Une pensée, c’est comme un papillon.
Tu la vois passer, et tu peux la trouver belle, tout à fait digne d’intérêt. Mais si tu la laisses filer, tu ne pourras jamais en capter toute la finesse, la subtilité, et l’entièreté de ce qu’elle a à t’offrir.
Si tu l’attrapes, en revanche, tu peux alors la passer à la loupe. Tu comprends que cette pensée diffuse qui ne se résume pour l'instant qu’à une phrase nébuleuse – fragile et discrète comme un battement d’ailes au-dessus des blés – est en réalité riche d’une réflexion profonde et complexe qui demande beaucoup plus de temps pour en tracer les contours ; exactement de la même manière que tu ne peux contempler les motifs sur les ailes du papillon qu’une fois que celui-ci s’est posé sur une fleur, ou qu’on l’a épinglé sur un tableau.
Ce que cette pensée confuse et ces paroles diffuses perdent en mystère une fois qu’elles sont devenues un exposé structuré et chapitré, elles le gagnent alors à pouvoir être partagées.
Socrate n’avait certes pas de pensées confuses, mais sa philosophie ne nous serait jamais parvenue si elle n’avait été retranscrite par quelques-uns de ses disciples.
Toute pensée bien inspirée, au départ, t’es strictement personnelle. Un battement d’ailes fugace que toi seul peux percevoir dans les méandres de ton esprit bercé de brume. Laisse-la s’agiter et elle s’enfuira ; oses détourner ton attention un seul instant et tu l’as déjà perdue.

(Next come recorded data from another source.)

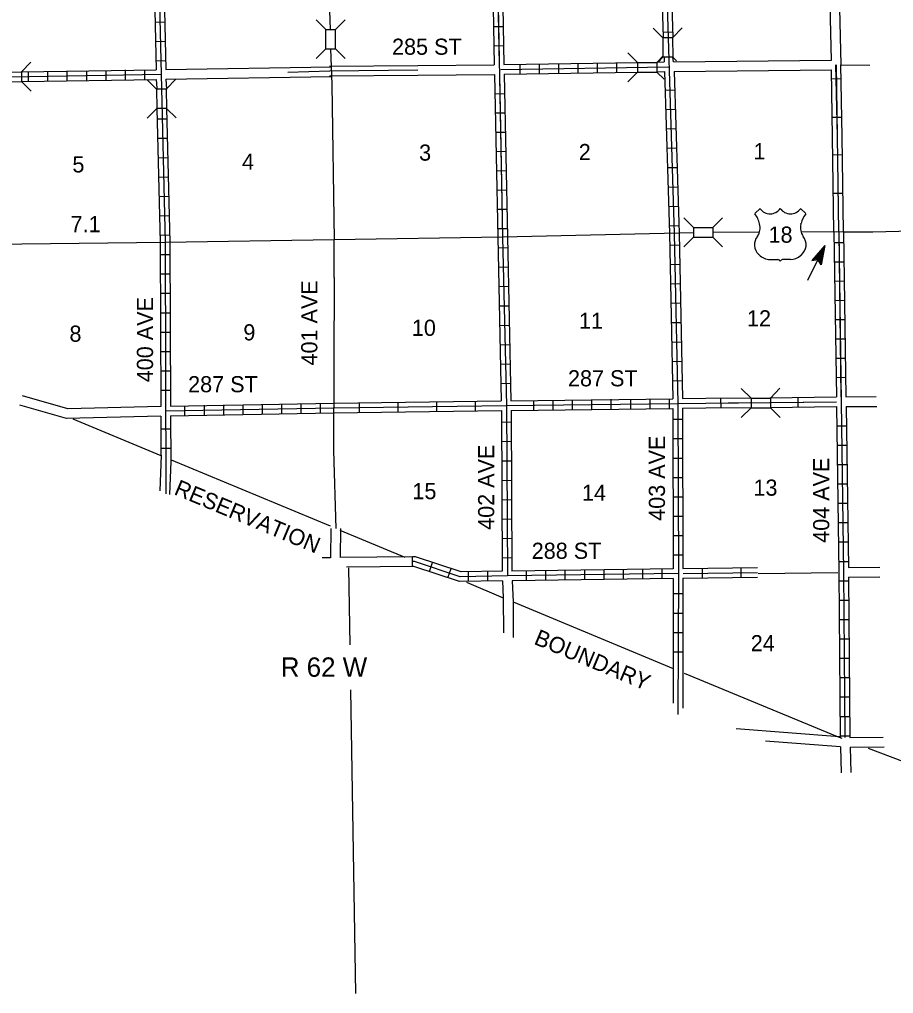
# Model space of a CAD drawing. Extents: x 1573595 to 1966509, y 15645447 to 16022437.
# Drawn here: x 1852313 to 1879371, y 15684539 to 15714703 of the extents above; entities that cross this region are included whole.
import ezdxf

# ---------------------------------------------------------------- set-up
doc = ezdxf.new("R2010")
doc.units = 0
for name, color, linetype in [('L10', 7, 'Continuous'), ('L11', 7, 'Continuous'), ('L13', 7, 'Continuous'), ('L14', 7, 'Continuous'), ('L18', 7, 'Continuous'), ('L2', 7, 'Continuous'), ('L28', 7, 'Continuous'), ('L3', 7, 'Continuous'), ('L30', 7, 'Continuous'), ('L4', 7, 'Continuous'), ('L50', 7, 'Continuous'), ('L51', 7, 'Continuous'), ('L53', 7, 'Continuous'), ('L8', 7, 'Continuous'), ('L9', 7, 'Continuous')]:
    doc.layers.add(name, color=color, linetype=linetype)

msp = doc.modelspace()

# ---------------------------------------------------------------- linework, layer by layer
at = {"layer": 'L10'}
for points in [[(1856686, 15702723), (1853811, 15702648), (1852407, 15703049)], [(1856686, 15702423), (1853769, 15702348), (1852324, 15702761)], [(1867269, 15697315), (1867286, 15696795)], [(1867569, 15697323), (1867592, 15696669)]]:
    msp.add_lwpolyline(points, dxfattribs=at)
at = {"layer": 'L11'}
for points in [[(1877452, 15713448), (1877327, 15718565)], [(1877747, 15713298), (1877627, 15718565)], [(1872557, 15713390), (1877452, 15713448)], [(1856844, 15713156), (1861968, 15713236)], [(1861910, 15713256), (1864648, 15713279)], [(1864648, 15713279), (1867010, 15713298)], [(1872585, 15713090), (1877452, 15713148)], [(1856844, 15712856), (1861973, 15712936)], [(1861910, 15712956), (1864647, 15712979)], [(1864647, 15712979), (1867019, 15712998)]]:
    msp.add_lwpolyline(points, dxfattribs=at)
at = {"layer": 'L13'}
msp.add_lwpolyline([(1875177, 15697548), (1877652, 15697581)], dxfattribs=at)
at = {"layer": 'L18'}
for p, q in [((1861794, 15714390), (1861494, 15714690)), ((1862094, 15714390), (1862394, 15714690)), ((1861794, 15714390), (1862094, 15714390)), ((1861794, 15713790), (1861794, 15714390)), ((1862094, 15713790), (1862094, 15714390)), ((1872227, 15714131), (1871927, 15714431)), ((1872527, 15714131), (1872827, 15714440)), ((1872527, 15714131), (1872227, 15714131)), ((1872227, 15714131), (1872235, 15713531)), ((1872527, 15714131), (1872535, 15713531)), ((1861794, 15713790), (1861494, 15713490)), ((1861794, 15713790), (1862094, 15713790)), ((1862094, 15713790), (1862394, 15713490)), ((1871443, 15713373), (1871143, 15713673)), ((1852377, 15713081), (1852669, 15713381)), ((1871443, 15713373), (1871443, 15713073)), ((1871443, 15713373), (1872043, 15713373)), ((1872043, 15713373), (1872243, 15713581)), ((1872043, 15713373), (1872043, 15713073)), ((1872235, 15713531), (1872085, 15713381)), ((1872535, 15713531), (1872235, 15713531)), ((1872535, 15713531), (1872652, 15713423)), ((1851777, 15713073), (1852377, 15713081)), ((1852377, 15713081), (1852377, 15712781)), ((1871443, 15713073), (1871143, 15712773)), ((1871443, 15713073), (1872043, 15713073)), ((1872043, 15713073), (1872268, 15712856)), ((1851777, 15712773), (1852377, 15712781)), ((1852377, 15712781), (1852677, 15712481)), ((1856552, 15712548), (1856252, 15712848)), ((1856852, 15712548), (1857152, 15712856)), ((1856852, 15712548), (1856552, 15712548)), ((1856552, 15712548), (1856561, 15711948)), ((1856852, 15712548), (1856861, 15711948)), ((1856561, 15711948), (1856261, 15711648)), ((1856861, 15711948), (1856561, 15711948)), ((1856861, 15711948), (1857161, 15711656)), ((1873177, 15708265), (1872877, 15708565)), ((1873777, 15708265), (1874077, 15708565)), ((1873177, 15708265), (1873177, 15707965)), ((1873177, 15708265), (1873777, 15708265)), ((1873777, 15708265), (1873777, 15707965)), ((1873177, 15707965), (1872877, 15707665)), ((1873177, 15707965), (1873777, 15707965)), ((1873777, 15707965), (1874077, 15707665)), ((1874960, 15702973), (1874652, 15703273)), ((1875560, 15702981), (1875852, 15703281)), ((1874960, 15702973), (1875560, 15702981)), ((1874960, 15702973), (1874960, 15702673)), ((1875560, 15702981), (1875560, 15702681)), ((1874960, 15702673), (1874660, 15702373)), ((1874960, 15702673), (1875560, 15702681)), ((1875560, 15702681), (1875860, 15702381))]:
    msp.add_line(p, q, dxfattribs=at)
at = {"layer": 'L2'}
for points in [[(1853961, 15702331), (1856686, 15701198)], [(1857011, 15701065), (1861927, 15699023)], [(1862235, 15698890), (1864244, 15698056)], [(1866152, 15697273), (1867286, 15696795)], [(1867592, 15696669), (1872552, 15694606)], [(1872893, 15694464), (1877610, 15692506)]]:
    msp.add_lwpolyline(points, dxfattribs=at)
at = {"layer": 'L28'}
for p, q in [((1877243, 15707706), (1876710, 15706615)), ((1877243, 15707706), (1876843, 15707240)), ((1877202, 15707656), (1876885, 15707273)), ((1877243, 15707706), (1877127, 15707106)), ((1877177, 15707590), (1876910, 15707273)), ((1877143, 15707523), (1876943, 15707281)), ((1877102, 15707465), (1876977, 15707281)), ((1877068, 15707373), (1877010, 15707290)), ((1877127, 15707473), (1877052, 15707331)), ((1877102, 15707423), (1877052, 15707331)), ((1877085, 15707348), (1877060, 15707231)), ((1877127, 15707448), (1877068, 15707223)), ((1877160, 15707498), (1877085, 15707190)), ((1877185, 15707573), (1877102, 15707165)), ((1877218, 15707623), (1877118, 15707148)), ((1876843, 15707240), (1877027, 15707265)), ((1877035, 15707306), (1877018, 15707281)), ((1877127, 15707106), (1877027, 15707265)), ((1877068, 15707323), (1877043, 15707265))]:
    msp.add_line(p, q, dxfattribs=at)
at = {"layer": 'L3'}
for p, q in [((1875077, 15708690), (1875243, 15708848)), ((1876652, 15708690), (1876493, 15708848)), ((1875227, 15708373), (1875227, 15708373)), ((1876502, 15708365), (1876502, 15708381)), ((1875152, 15707981), (1875160, 15707990)), ((1876577, 15707981), (1876577, 15707981)), ((1875210, 15707415), (1875193, 15707423)), ((1876493, 15707398), (1876518, 15707415)), ((1875552, 15707273), (1875793, 15707273)), ((1876177, 15707273), (1875935, 15707273))]:
    msp.add_line(p, q, dxfattribs=at)
for points in [[(1873177, 15708098), (1867269, 15707965), (1862060, 15707881), (1856819, 15707798)], [(1875218, 15708115), (1873793, 15708106)], [(1877835, 15708123), (1876510, 15708115)], [(1856819, 15707798), (1851486, 15707731), (1846369, 15707656), (1845778, 15707640)]]:
    msp.add_lwpolyline(points, dxfattribs=at)
for centre, radius, start, end in [((1875551, 15709064), 380, 215.686, 325.8082), ((1876180, 15709064), 380, 214.1947, 324.6568), ((1874476, 15708210), 765, 12.2899, 38.4099), ((1877254, 15708210), 765, 141.5922, 166.936), ((1874779, 15708251), 461, 326.0856, 14.9122), ((1876952, 15708251), 461, 166.7495, 215.1852), ((1875479, 15707729), 413, 141.5649, 226.8935), ((1876251, 15707729), 413, 310.3399, 38.2937), ((1875552, 15707743), 472, 224.024, 270.0011), ((1876179, 15707743), 472, 270.0011, 311.99), ((1875788, 15707191), 78.7, 10.3708, 90.0011), ((1875943, 15707191), 78.7, 90.0011, 169.6315)]:
    msp.add_arc(centre, radius, start, end, dxfattribs=at)
at = {"layer": 'L4'}
for points in [[(1861794, 15718156), (1861927, 15714406)], [(1861944, 15713798), (1861985, 15712690), (1862060, 15707881), (1862060, 15707881)], [(1862052, 15706715), (1862060, 15707881)], [(1862052, 15706715), (1862035, 15701356), (1862102, 15698940)]]:
    msp.add_lwpolyline(points, dxfattribs=at)
at = {"layer": 'L50'}
for points in [[(1856702, 15701215), (1856661, 15700106)], [(1856994, 15701015), (1856961, 15699990)], [(1861952, 15698940), (1861944, 15698031)], [(1862252, 15698940), (1862244, 15698040)], [(1861944, 15698031), (1861685, 15698031)], [(1864519, 15698065), (1862227, 15698040)], [(1864519, 15697765), (1862435, 15697740)], [(1862494, 15697723), (1862535, 15695339)], [(1872552, 15694589), (1872552, 15693531)], [(1872852, 15694448), (1872852, 15693381)], [(1862560, 15693948), (1862719, 15684539)], [(1877702, 15692489), (1874502, 15692731)], [(1877727, 15692181), (1875410, 15692356)], [(1877727, 15692181), (1877752, 15691373)], [(1878027, 15692164), (1878052, 15691381)]]:
    msp.add_lwpolyline(points, dxfattribs=at)
at = {"layer": 'L51'}
msp.add_lwpolyline([(1877835, 15708123), (1878735, 15708131)], dxfattribs=at)
at = {"layer": 'L53'}
for points in [[(1877742, 15713298), (1878634, 15713290)], [(1878735, 15708131), (1880343, 15708165)], [(1877893, 15703015), (1878835, 15703023)], [(1877910, 15702715), (1878852, 15702723)], [(1877977, 15697731), (1878943, 15697740)], [(1877977, 15697431), (1878943, 15697440)], [(1867286, 15696795), (1867294, 15695714)], [(1867592, 15696669), (1867594, 15695564)], [(1877610, 15692506), (1877768, 15692448)], [(1878018, 15692464), (1879052, 15692481)], [(1878027, 15692164), (1879085, 15692181)], [(1878585, 15692139), (1886060, 15689314)]]:
    msp.add_lwpolyline(points, dxfattribs=at)
at = {"layer": 'L8'}
for p, q in [((1856511, 15714623), (1856811, 15714631)), ((1866990, 15714485), (1867288, 15714490)), ((1872243, 15714315), (1872543, 15714323)), ((1856527, 15714023), (1856827, 15714031)), ((1867001, 15713889), (1867299, 15713894)), ((1856536, 15713423), (1856836, 15713431)), ((1870810, 15713065), (1870810, 15713365)), ((1872557, 15713390), (1872535, 15713531)), ((1852594, 15712781), (1852594, 15713081)), ((1853194, 15712798), (1853194, 15713098)), ((1853794, 15712806), (1853794, 15713106)), ((1854394, 15712815), (1854394, 15713115)), ((1854994, 15712823), (1854994, 15713123)), ((1855594, 15712840), (1855594, 15713140)), ((1856194, 15712848), (1856194, 15713148)), ((1867810, 15713015), (1867810, 15713315)), ((1868410, 15713023), (1868410, 15713323)), ((1869010, 15713031), (1869010, 15713331)), ((1869610, 15713048), (1869610, 15713348)), ((1870210, 15713056), (1870210, 15713356)), ((1872293, 15712515), (1872593, 15712523)), ((1867031, 15712404), (1867330, 15712410)), ((1872318, 15711915), (1872618, 15711923)), ((1856577, 15711623), (1856877, 15711631)), ((1867043, 15711807), (1867341, 15711813)), ((1872335, 15711315), (1872635, 15711323)), ((1856594, 15711023), (1856894, 15711031)), ((1867055, 15711211), (1867353, 15711217)), ((1872352, 15710715), (1872652, 15710723)), ((1856611, 15710423), (1856911, 15710431)), ((1867067, 15710614), (1867365, 15710620)), ((1872368, 15710115), (1872668, 15710123)), ((1856619, 15709823), (1856919, 15709831)), ((1867079, 15710018), (1867377, 15710024)), ((1872393, 15709515), (1872693, 15709523)), ((1856636, 15709223), (1856936, 15709231)), ((1867090, 15709421), (1867389, 15709427)), ((1872410, 15708915), (1872710, 15708923)), ((1856652, 15708623), (1856952, 15708631)), ((1867102, 15708825), (1867401, 15708831)), ((1867114, 15708228), (1867412, 15708234)), ((1872427, 15708315), (1872727, 15708323)), ((1856661, 15708023), (1856961, 15708031)), ((1867127, 15707631), (1867427, 15707640)), ((1872443, 15707715), (1872743, 15707723)), ((1877830, 15707787), (1877532, 15707783)), ((1856669, 15707423), (1856969, 15707423)), ((1867144, 15707031), (1867435, 15707040)), ((1872452, 15707115), (1872752, 15707123)), ((1877838, 15707190), (1877540, 15707187)), ((1856669, 15706823), (1856969, 15706823)), ((1867152, 15706431), (1867452, 15706440)), ((1872468, 15706515), (1872768, 15706523)), ((1877846, 15706594), (1877547, 15706590)), ((1856677, 15706223), (1856977, 15706223)), ((1867169, 15705831), (1867469, 15705840)), ((1872477, 15705915), (1872777, 15705923)), ((1877853, 15705997), (1877555, 15705993)), ((1856677, 15705623), (1856977, 15705623)), ((1867177, 15705231), (1867477, 15705240)), ((1872493, 15705315), (1872793, 15705323)), ((1877861, 15705401), (1877563, 15705397)), ((1856677, 15705023), (1856977, 15705023)), ((1867194, 15704631), (1867494, 15704640)), ((1872502, 15704715), (1872802, 15704723)), ((1877869, 15704804), (1877571, 15704800)), ((1856677, 15704423), (1856977, 15704423)), ((1867210, 15704031), (1867510, 15704040)), ((1872518, 15704115), (1872818, 15704123)), ((1877877, 15704208), (1877579, 15704204)), ((1856686, 15703823), (1856986, 15703823)), ((1867219, 15703431), (1867519, 15703440)), ((1872527, 15703515), (1872827, 15703523)), ((1877885, 15703611), (1877586, 15703607)), ((1856686, 15703223), (1856986, 15703223)), ((1861035, 15702506), (1861035, 15702806)), ((1861635, 15702515), (1861635, 15702815)), ((1868235, 15702606), (1868235, 15702906)), ((1868835, 15702615), (1868835, 15702915)), ((1869435, 15702623), (1869435, 15702923)), ((1870035, 15702631), (1870035, 15702931)), ((1870635, 15702640), (1870635, 15702940)), ((1871235, 15702648), (1871235, 15702948)), ((1871835, 15702648), (1871835, 15702948)), ((1872435, 15702656), (1872435, 15702956)), ((1857436, 15702440), (1857436, 15702740)), ((1858036, 15702456), (1858036, 15702756)), ((1858635, 15702465), (1858635, 15702765)), ((1859235, 15702473), (1859235, 15702773)), ((1859835, 15702481), (1859835, 15702781)), ((1860435, 15702498), (1860435, 15702798)), ((1867235, 15702231), (1867535, 15702240)), ((1872543, 15702323), (1872843, 15702323)), ((1856686, 15702023), (1856986, 15702023)), ((1877610, 15702123), (1877910, 15702123)), ((1867244, 15701631), (1867544, 15701640)), ((1872543, 15701723), (1872843, 15701723)), ((1856686, 15701423), (1856986, 15701423)), ((1877618, 15701523), (1877918, 15701523)), ((1867244, 15701031), (1867544, 15701040)), ((1872552, 15701123), (1872852, 15701123)), ((1877627, 15700923), (1877927, 15700923)), ((1867252, 15700431), (1867552, 15700440)), ((1872552, 15700523), (1872852, 15700523)), ((1877635, 15700323), (1877935, 15700323)), ((1867252, 15699831), (1867552, 15699840)), ((1872552, 15699923), (1872852, 15699923)), ((1877643, 15699723), (1877943, 15699723)), ((1867260, 15699231), (1867560, 15699240)), ((1872552, 15699323), (1872852, 15699323)), ((1877652, 15699123), (1877952, 15699123)), ((1867260, 15698631), (1867560, 15698640)), ((1872560, 15698723), (1872860, 15698723)), ((1877660, 15698523), (1877960, 15698523)), ((1864485, 15697765), (1864485, 15698065)), ((1867269, 15698031), (1867569, 15698040)), ((1872560, 15698123), (1872860, 15698123)), ((1865010, 15697606), (1865102, 15697890)), ((1865577, 15697415), (1865677, 15697698)), ((1871610, 15697381), (1871610, 15697681)), ((1872210, 15697390), (1872210, 15697690)), ((1877668, 15697923), (1877968, 15697923)), ((1866210, 15697306), (1866210, 15697606)), ((1866810, 15697315), (1866810, 15697615)), ((1868010, 15697331), (1868010, 15697631)), ((1868610, 15697340), (1868610, 15697640)), ((1869210, 15697348), (1869210, 15697648)), ((1869810, 15697356), (1869810, 15697656)), ((1870410, 15697365), (1870410, 15697665)), ((1871010, 15697373), (1871010, 15697673)), ((1877677, 15697323), (1877977, 15697323)), ((1872560, 15696923), (1872860, 15696923)), ((1877685, 15696723), (1877985, 15696723)), ((1872552, 15696323), (1872852, 15696323)), ((1877685, 15696123), (1877985, 15696123)), ((1872552, 15695723), (1872852, 15695723)), ((1877693, 15695523), (1877993, 15695523)), ((1872552, 15695123), (1872852, 15695123)), ((1877702, 15694923), (1878002, 15694923)), ((1877702, 15694323), (1878002, 15694323)), ((1877710, 15693723), (1878010, 15693723)), ((1877710, 15693123), (1878010, 15693123)), ((1877718, 15692523), (1878018, 15692523))]:
    msp.add_line(p, q, dxfattribs=at)
for points in [[(1872110, 15718506), (1872243, 15714140)], [(1872260, 15718515), (1872585, 15708073), (1872693, 15702806), (1872710, 15697548), (1872693, 15693181)], [(1872410, 15718523), (1872543, 15714148)], [(1856427, 15718223), (1856544, 15713148)], [(1856577, 15718223), (1856819, 15707798), (1856844, 15700015)], [(1856727, 15718223), (1856844, 15713156)], [(1867069, 15718431), (1867269, 15707965), (1867385, 15702748), (1867419, 15697473)], [(1866935, 15717473), (1867010, 15713298)], [(1867085, 15717470), (1867160, 15713304)], [(1867235, 15717490), (1867310, 15713306)], [(1867310, 15713306), (1871460, 15713373)], [(1872068, 15713381), (1872268, 15713390)], [(1872268, 15713531), (1872268, 15713390)], [(1852377, 15713081), (1856544, 15713148)], [(1861919, 15713106), (1860619, 15713065)], [(1867210, 15713156), (1872402, 15713240)], [(1867319, 15713006), (1871443, 15713073)], [(1872043, 15713081), (1872285, 15713090)], [(1872285, 15713090), (1872435, 15708073), (1872535, 15702956)], [(1872585, 15713090), (1872735, 15708073), (1872835, 15702965)], [(1835794, 15712781), (1840994, 15712806), (1846277, 15712848), (1851452, 15712915), (1856702, 15713006)], [(1852386, 15712781), (1856544, 15712848)], [(1856544, 15712848), (1856561, 15712573)], [(1856844, 15712856), (1856861, 15712548)], [(1867019, 15712998), (1867118, 15707961)], [(1867169, 15713003), (1867269, 15707965)], [(1867319, 15713006), (1867418, 15707968)], [(1856569, 15711948), (1856669, 15707798), (1856686, 15702723)], [(1856869, 15711956), (1856969, 15707798), (1856986, 15702731)], [(1867118, 15707962), (1867227, 15702890)], [(1867418, 15707968), (1867527, 15702898)], [(1877527, 15708123), (1877602, 15703015)], [(1877677, 15708123), (1877752, 15702865), (1877827, 15697590), (1877868, 15692464)], [(1877677, 15708121), (1877743, 15703013)], [(1877827, 15708123), (1877893, 15703015)], [(1856836, 15702581), (1862060, 15702673), (1867385, 15702748), (1873560, 15702823), (1877602, 15702865)], [(1856986, 15702731), (1862040, 15702823)], [(1867527, 15702898), (1872535, 15702956)], [(1856986, 15702431), (1862039, 15702523)], [(1867235, 15702590), (1867260, 15697615)], [(1867535, 15702598), (1872543, 15702656)], [(1867535, 15702598), (1867560, 15697623)], [(1872543, 15702656), (1872552, 15697690)], [(1872843, 15702665), (1872852, 15697698)], [(1877610, 15702715), (1877677, 15697590), (1877718, 15692464)], [(1877910, 15702715), (1877977, 15697731)], [(1856686, 15702423), (1856694, 15701198)], [(1856986, 15702431), (1856994, 15701015)], [(1867260, 15697615), (1865985, 15697598), (1864569, 15698065), (1864485, 15698065)], [(1872710, 15697548), (1867419, 15697473), (1865960, 15697448), (1864544, 15697915), (1864485, 15697915)], [(1867269, 15697315), (1865935, 15697298), (1864519, 15697765), (1864485, 15697765)], [(1872552, 15697690), (1867560, 15697623)], [(1872552, 15697390), (1867569, 15697323)], [(1872552, 15697390), (1872552, 15694589)], [(1872852, 15697398), (1872852, 15694448)], [(1877977, 15697431), (1878018, 15692464)]]:
    msp.add_lwpolyline(points, dxfattribs=at)
at = {"layer": 'L9'}
for p, q in [((1877441, 15712868), (1877739, 15712874)), ((1877465, 15711675), (1877763, 15711681)), ((1877792, 15710509), (1877494, 15710505)), ((1877809, 15709316), (1877511, 15709312)), ((1877826, 15708123), (1877527, 15708119)), ((1862835, 15702531), (1862835, 15702831)), ((1864035, 15702548), (1864035, 15702848)), ((1865235, 15702565), (1865235, 15702865)), ((1866435, 15702581), (1866435, 15702881)), ((1874032, 15702679), (1874028, 15702978)), ((1876408, 15702999), (1876412, 15702701)), ((1873460, 15697407), (1873460, 15697707)), ((1874660, 15697424), (1874660, 15697724))]:
    msp.add_line(p, q, dxfattribs=at)
for points in [[(1867069, 15718390), (1867160, 15713304)], [(1864649, 15713129), (1861912, 15713106)], [(1877485, 15711065), (1877452, 15713148)], [(1877635, 15711078), (1877590, 15713295)], [(1877677, 15708123), (1877602, 15713298)], [(1877785, 15711081), (1877740, 15713298)], [(1867169, 15713003), (1867269, 15707965)], [(1877527, 15708123), (1877485, 15711065)], [(1877677, 15708121), (1877635, 15711079)], [(1877827, 15708123), (1877785, 15711081)], [(1862040, 15702823), (1867227, 15702890)], [(1872835, 15702965), (1873560, 15702973), (1874943, 15702990)], [(1872837, 15702815), (1873562, 15702823), (1874945, 15702840)], [(1875543, 15702990), (1877602, 15703015)], [(1875545, 15702840), (1877603, 15702865)], [(1862039, 15702523), (1867235, 15702590)], [(1872843, 15702665), (1873560, 15702673), (1874935, 15702690)], [(1875568, 15702690), (1877610, 15702715)], [(1872852, 15697698), (1875160, 15697731)], [(1872852, 15697398), (1875160, 15697431)], [(1872860, 15697548), (1875160, 15697581)]]:
    msp.add_lwpolyline(points, dxfattribs=at)

# ---------------------------------------------------------------- texts
at = {"layer": 'L14'}
for s, p in [('3', (1864685, 15710331)), ('2', (1869627, 15710348)), ('1', (1875035, 15710373)), ('5', (1853952, 15709965)), ('4', (1859202, 15710048)), ('11', (1869635, 15705123)), ('12', (1874835, 15705198)), ('8', (1853861, 15704723)), ('9', (1859244, 15704765)), ('10', (1864460, 15704906)), ('13', (1875035, 15699956)), ('15', (1864477, 15699848)), ('14', (1869727, 15699798)), ('24', (1874952, 15695139))]:
    msp.add_text(s, height=500, rotation=360, dxfattribs=at).set_placement(p)
at = {"layer": 'L28'}
msp.add_text('7.1', height=500, rotation=360, dxfattribs=at).set_placement((1853894, 15708115))
at = {"layer": 'L3'}
msp.add_text('18', height=500, rotation=360, dxfattribs=at).set_placement((1875502, 15707790))
at = {"layer": 'L30'}
for s, rotation, p in [('285 ST', 360, (1863847, 15713610)), ('401 AVE', 90, (1861535, 15703988)), ('400 AVE', 90, (1856448, 15703467)), ('287 ST', 360, (1869294, 15703342)), ('287 ST', 360, (1857534, 15703158)), ('403 AVE', 90, (1872296, 15699178)), ('402 AVE', 90, (1867010, 15698898)), ('404 AVE', 90, (1877382, 15698497)), ('288 ST', 360, (1868171, 15698000))]:
    msp.add_text(s, height=500, rotation=rotation, dxfattribs=at).set_placement(p)
at = {"layer": 'L50'}
for s, height, rotation, p in [('RESERVATION', 499.99, 337.3251, (1857069, 15700006)), ('BOUNDARY', 500, 337.3251, (1868210, 15695373)), ('R 62 W', 600, 360, (1860402, 15694348))]:
    msp.add_text(s, height=height, rotation=rotation, dxfattribs=at).set_placement(p)

doc.saveas('drawing.dxf')

Comment décrire la grâce de ce que tu perçois alors que tu es encore sous l’effet de la stupéfaction ?
Veux-tu alors t’aviser de le dire à voix haute pour le partager à un autre et tu t’exposes à être mal compris ; tu trébuches en bégayant, car les mots ne viennent pas. C’est normal ; chacun regarde le monde à sa manière, et personne ne voit la même chose.
Et cette idée tout juste attrapée s’agite dans tes mains comme une forcenée ; elle met à l’épreuve le bien-fondé de ta réflexion, elle veut en trouver la faille ; jusqu’à ce que, par tes cogitations, tu sois parvenu à colmater toutes les brèches, et à la fixer durablement.
Et c’est ainsi que, si tu veux la montrer au monde, afin d’en exposer toute la richesse et d’en retirer toute la gloire, il te faut dans un premier temps la saisir, afin de l’étudier, la comparer, la tracer, avant, enfin, de pouvoir la relâcher, prête à se multiplier : TON œuvre.
Ne laissez jamais s’échapper vos pensées les plus vives, vos idées les plus ardentes, sans quoi elles s’en iront en silence, sans doute pour trouver quelqu’un plus digne de les recevoir, car plus vigilant. Et vous serez bien chanceux si, de cette pensée évanouie, vous parvenez à rappeler à la surface de votre esprit rien qu’un seul fragment.